Several vials with the label “smallpox” were discovered at a vaccine research facility in Pennsylvania, confirmed the Centers for Disease Control and Prevention (CDC) on Tuesday.
A CDC spokesperson told news outlets there is currently “no indication that anyone has been exposed to the small number of frozen vials.”
“The frozen vials labeled ‘Smallpox’ were incidentally discovered by a laboratory worker while cleaning out a freezer in a facility that conducts vaccine research in Pennsylvania. CDC, its Administration partners, and law enforcement are investigating the matter and the vials’ contents appear intact,” the federal health agency said.
Meanwhile, the laboratory worker who discovered the vials was wearing a face mask and gloves, the CDC spokesperson continued.
“There is no indication that anyone has been exposed to the small number of frozen vials,” the CDC said in a statement to media outlets.
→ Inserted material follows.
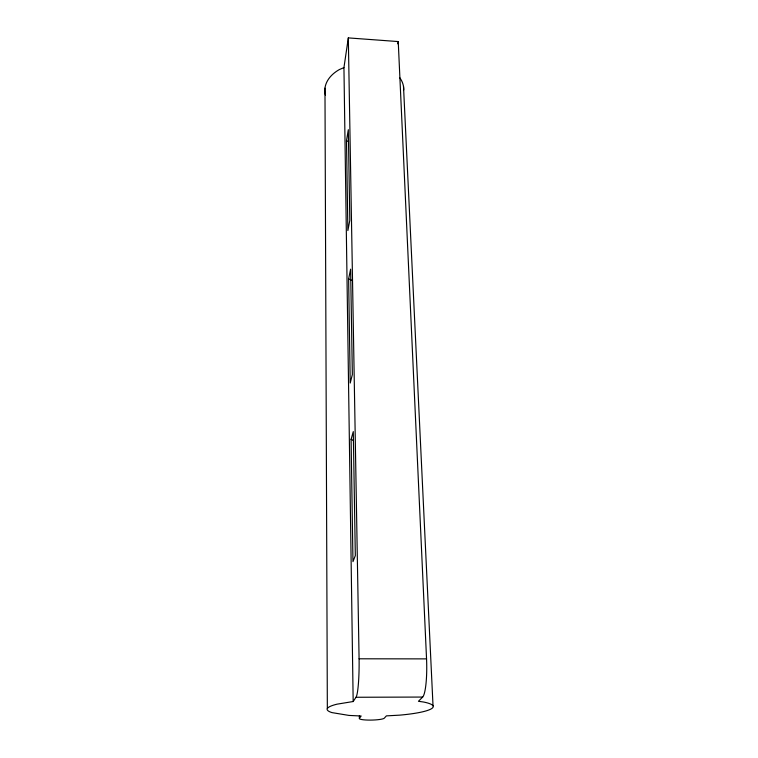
<?xml version="1.0" encoding="UTF-8"?>
<svg xmlns="http://www.w3.org/2000/svg" width="758" height="758" viewBox="0 0 758 758"><rect width="100%" height="100%" fill="white"/><g stroke="black" fill="none" stroke-linecap="round" stroke-linejoin="round"><path stroke-width="1.14" d="M359.396 718.3L361.159 716.007L348.945 715.419L332.004 712.615A53.06 8.31 -1.5 0 1 337.026 704.173L353.171 701.529L343.942 67.604L348.32 37.9L398.234 41.567L426.546 658.882A32.177 5.306 89.3 0 1 422.661 697.057L418.435 701.292L423.457 702.003A53.06 8.31 -1.5 0 1 399.57 715.154L386.381 715.874L384.315 718.167A12.564 1.867 -1.4 0 1 370.302 720.1A12.564 1.867 -1.4 0 1 359.396 718.3L359.358 715.959M346.501 140.685L348.32 129.684L349.808 220.37L347.875 230.555L346.501 140.685L348.547 141.632M348.623 278.849L350.613 269.166L352.347 374.566L350.224 383.055L348.623 278.849L351.778 280.346M397.761 43.831L398.234 41.567M351.087 439.365L353.285 431.605L355.322 555.605L352.972 561.631L351.087 439.365L353.181 440.389M353.171 701.529L356.023 697.265A32.423 3.506 -89.7 0 0 359.084 658.797L348.32 37.9M343.942 67.604L339.281 69.603A39.473 26.701 -1.4 0 0 325.428 95.11M356.023 697.265L422.661 697.057M359.084 658.797L426.546 658.882M403.512 86.469L433.026 705.869M324.974 88.155L327.342 708.512M399.836 77.847A39.473 26.701 -1.4 0 1 403.739 89.965"/></g></svg>

Smallpox, which has a mortality rate of about 30 percent, is an infectious disease caused by the variola virus, according to the Food and Drug Administration (FDA). The last naturally-occurring case of the virus was recorded in the 1970s, while U.S. and international health officials have declared the disease eradicated.
The World Health Organization (WHO) declared smallpox eradicated in 1980. The last known outbreak in the United States was in 1947.
Some governments are authorized to store samples of the virus for research, including at the CDC headquarters in Atlanta.
Employees of the National Institutes of Health in 2014 found six vials of smallpox in a storage room at the agency’s Bethesda, Maryland, campus. At the time, the CDC said there was no evidence that anyone was exposed to the virus.
Historians have estimated that a significant number of Native Americans were killed during smallpox epidemics. By 1832, the U.S. government established a smallpox vaccination program for Native Americans.
The CDC notes that “in late 1975, three-year-old Rahima Banu from Bangladesh was the last person in the world to have naturally acquired variola major” and “was also the last person in Asia to have active smallpox.”
Both the CDC and Homeland Security have not immediately responded to a request for comment.